Disclaimers: Gravitation still doesn't belong to me.

Notes: Told from Mika's point of view.

I'm sort of surprised I didn't get killed for adding Michael into chapter 14…

Anyone else notice I start a lot of my chapters off with people sighing O.o

I guess it's just a writing flaw of mine…

~*The Bible of Kumagoro—Getting Closer to Your God*~

            I sighed as I sat down in the living room. Tatsuha and his friends were out at dinner, and I'd been stuck eating dinner alone with my father. I'd been hoping they would stay over for dinner, but somehow Tatsuha had ended up owing Aiko money, so they went out without me. It never even occurred to Tatsuha that I might have wanted to go, too, or maybe they just wanted some time to themselves. Either way, dinner hadn't been very pleasant.

            Father didn't like the idea that I was siding with Eiri now, or with Tatsuha either. Originally he'd had Tohma and me on his side in trying to break Shuichi and him up, but now both of us were on their side. Why couldn't he see how much good this was doing him? I was seriously starting to doubt that he cared about our happiness at all. He'd also taken to insulting Tohma over dinner. I don't know what he was trying to achieve there, he used to like Tohma. I suppose he didn't like either one of us anymore.

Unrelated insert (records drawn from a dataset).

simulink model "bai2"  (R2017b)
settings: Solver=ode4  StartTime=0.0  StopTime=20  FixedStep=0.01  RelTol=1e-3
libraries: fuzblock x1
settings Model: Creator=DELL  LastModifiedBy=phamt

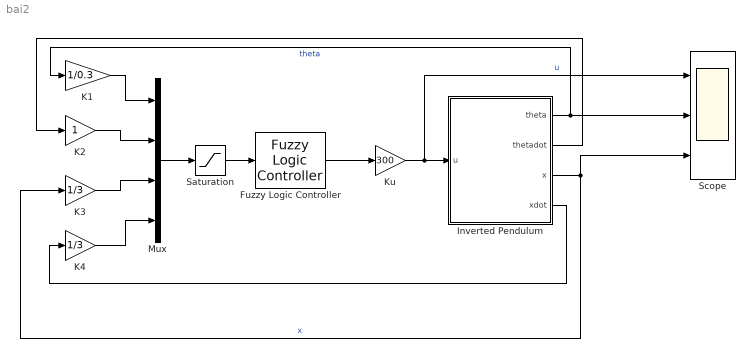
== system bai2 ==
  Fuzzy Logic Controller : fuzblock/Fuzzy Logic  Controller  FIS='bai2_FIS.fis'  OutputSampleNumber=101  DataType=double  FuzzifiedInputs=off  RuleFiringStrengths=off  RuleOutputs=off  AggregatedOutputs=off  SimulateUsing=Interpreted execution
  Inverted Pendulum : Subsystem  mask{M=5, n=3, l=1, g=9.81, x0=3, xdot0=-2, theta0=0.2, thetadot0=-1}
      mask prompts: M "trong luong xe"; n "trong luong con lac"; l "chieu dai con lac"; g "gia toc trong truong"; x0 "vi tri xe ban dau"; xdot0 "van toc xe ban dau"; theta0 "goc ban dau"; thetadot0 "van toc goc ban dau"
  "K1 " : Gain  Gain=1/0.3
  "K2 " : Gain
  "K3 " : Gain  Gain=1/3
  "K4 " : Gain  Gain=1/3
  Ku : Gain  Gain=300
  Mux : Mux
  Saturation : Saturate  UpperLimit=1  LowerLimit=-1
  Scope : Scope  NumInputPorts=3
  wires:
  Ku/1 -> Scope/1, Inverted Pendulum/1(u)  "u"
  Fuzzy Logic Controller/1 -> Ku/1
  Saturation/1 -> Fuzzy Logic Controller/1
  Mux/1 -> Saturation/1
  "K1 "/1 -> Mux/1
  "K2 "/1 -> Mux/2
  "K3 "/1 -> Mux/3
  "K4 "/1 -> Mux/4
  Inverted Pendulum/1(theta) -> "K1 "/1, Scope/2  "theta"
  Inverted Pendulum/2(thetadot) -> "K2 "/1
  Inverted Pendulum/4(xdot) -> "K4 "/1
  Inverted Pendulum/3(x) -> Scope/3, "K3 "/1  "x"

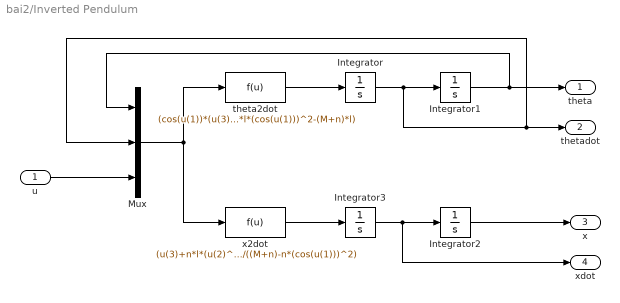
== system bai2/Inverted Pendulum ==
  u : Inport
  Integrator : Integrator  InitialCondition=thetadot0
  Integrator1 : Integrator  InitialCondition=theta0
  Integrator2 : Integrator  InitialCondition=x0
  Integrator3 : Integrator  InitialCondition=xdot0
  Mux : Mux  Inputs=3
  theta2dot : Fcn  Expr=(cos(u(1))*(u(3)+n*l*(u(2))^2*sin(u(1)))-(M+n)*(g*sin(u(1))))/(n*l*(cos(u(1)))^2-(M+n)*l)
  x2dot : Fcn  Expr=(u(3)+n*l*(u(2)^2)*sin(u(1))-n*g*sin(u(1))*cos(u(1)))/((M+n)-n*(cos(u(1)))^2)
  theta : Outport
  thetadot : Outport  Port=2
  x : Outport  Port=3
  xdot : Outport  Port=4
  wires:
  theta2dot/1 -> Integrator/1
  Integrator/1 -> Mux/2, thetadot/1, Integrator1/1
  x2dot/1 -> Integrator3/1
  Integrator3/1 -> xdot/1, Integrator2/1
  Integrator1/1 -> Mux/1, theta/1
  Integrator2/1 -> x/1
  Mux/1 -> x2dot/1, theta2dot/1
  u/1 -> Mux/3

            "I'm home!" Tatsuha cheered brightly, and I heard the door close behind him. "Hey Mika!" He practically sang, peering inside the doorway and smiling happily. He was always in such a good mood; I envied him for his ability to deal with this sort of thing so easily. He was willing to follow his heart no matter what anyone else told him to do. It was a very admirable trait, and it kept him from having to regret many of his decisions.

            "Welcome back. Your friends go home?" I asked from where I was sitting, not feeling the need to get up and greet him. He nodded and walked over to sit across from me. "So, what's up with Michael-kun? He didn't seem…well. He barely spoke at all." Tatsuha sighed and ran fingers through his hair, tilting his head back to stare at the ceiling.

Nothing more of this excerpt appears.